The long-term result of entry and exit in a perfectly competitive market is that all firms end up selling at the price level determined by the lowest point on the average cost curve. This outcome is why perfect competition displays productive efficiency: goods are produced at the lowest possible average cost. However, in monopolistic competition, the end result of entry and exit is that firms end up with a price that lies on the downward-sloping portion of the average cost curve, not at the very bottom of the AC curve. Thus, monopolistic competition will not be productively efficient.

A monopolistically competitive industry does not display productive or allocative efficiency in either the short run, when firms are making economic profits and losses, nor in the long run, when firms are earning zero profits.
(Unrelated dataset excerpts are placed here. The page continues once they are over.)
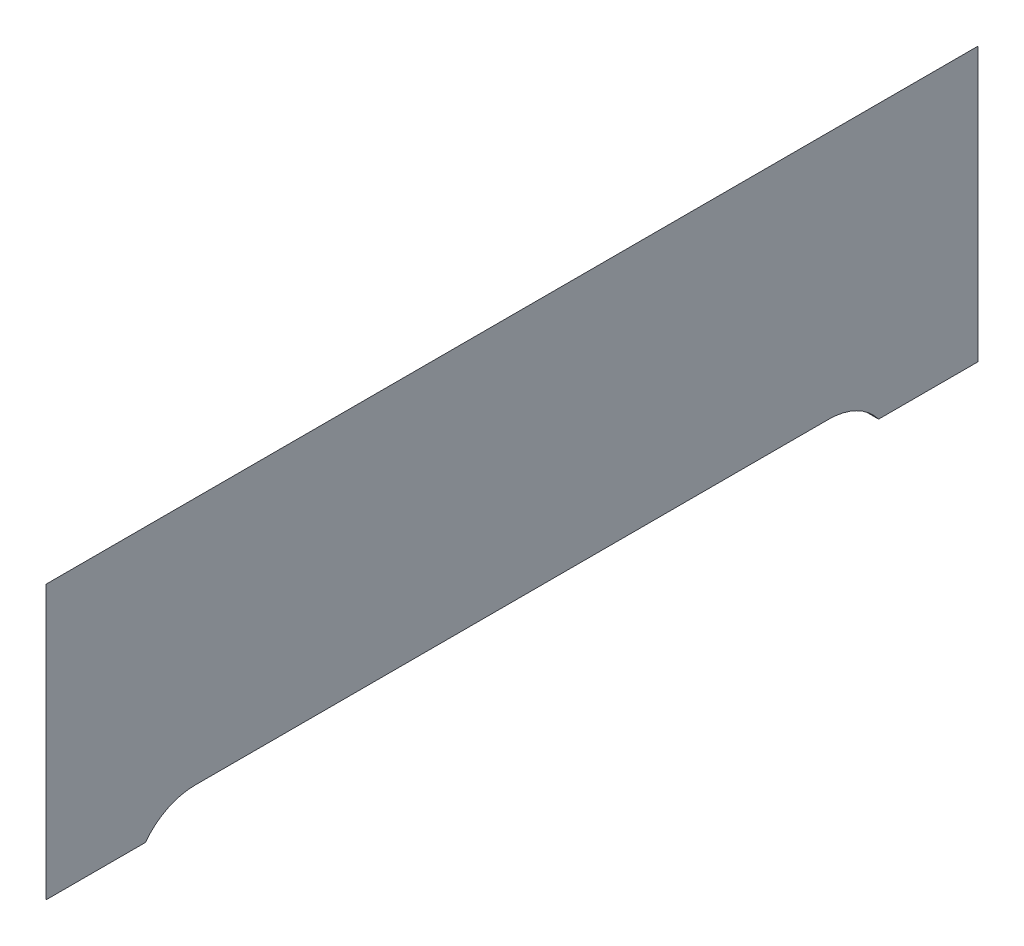
SolidWorks part; units mm, degrees
material "Teak"
ref_plane "Front Plane" through (0, 0, 0) normal (0, 0, 1) x (1, 0, 0)
ref_plane "Top Plane" through (0, 0, 0) normal (0, 1, 0) x (1, 0, 0)
ref_plane "Right Plane" through (0, 0, 0) normal (1, 0, 0) x (0, 0, -1)
sketch "Sketch1" plane through (0, 0, 0) normal (1, 0, 0) x (0, 0, -1)
  line L0 (0, 0) -> (0, -10)
  line L1 (60, 0) -> (315, 0)
  line L2 (0, 0) -> (0, 100)
  line L3 (0, 100) -> (375, 100)
  line L4 (375, 0) -> (375, 100)
  line L5 (0, -10) -> (40, -10)
  line L6 (375, 0) -> (375, -10)
  line L7 (375, -10) -> (335, -10)
  arc A0 (40, -10) -> (60, 0) centre (60, -25) cw
  arc A1 (335, -10) -> (315, 0) centre (315, -25) ccw
  dimension "D5" = 25
  dimension "D7" = 25
  dimension "D1" = 375
  dimension "D2" = 100
  dimension "D3" = 10
  dimension "D4" = 40
  dimension "D6" = 10
  dimension "D8" = 10
  dimension "D9" = 40
  dimension "D10" = 10
extrude "Boss-Extrude1" add sketch "Sketch1" along normal blind 12
chamfer "Chamfer1" distance 12 angle 45 3 edges at (0, 45, -375) (0, 45, 0) (0, 100, -187.5)

In a perfectly competitive market, each firm produces at a quantity where price is set equal to marginal cost, both in the short and long run. This outcome is why perfect competition displays allocative efficiency: the social benefits of additional production, as measured by the marginal benefit, which is the same as the price, equal the marginal costs to society of that production. In a monopolistically competitive market, the rule for maximizing profit is to set MR = MC—and price is higher than marginal revenue, not equal to it because the demand curve is downward sloping. When P > MC, which is the outcome in a monopolistically competitive market, the benefits to society of providing additional quantity, as measured by the price that people are willing to pay, exceed the marginal costs to society of producing those units. A monopolistically competitive firm does not produce more, which means that society loses the net benefit of those extra units. This is the same argument we made about monopoly, but in this case the allocative inefficiency will be smaller. Thus, a monopolistically competitive industry will produce a lower quantity of a good and charge a higher price for it than would a perfectly competitive industry.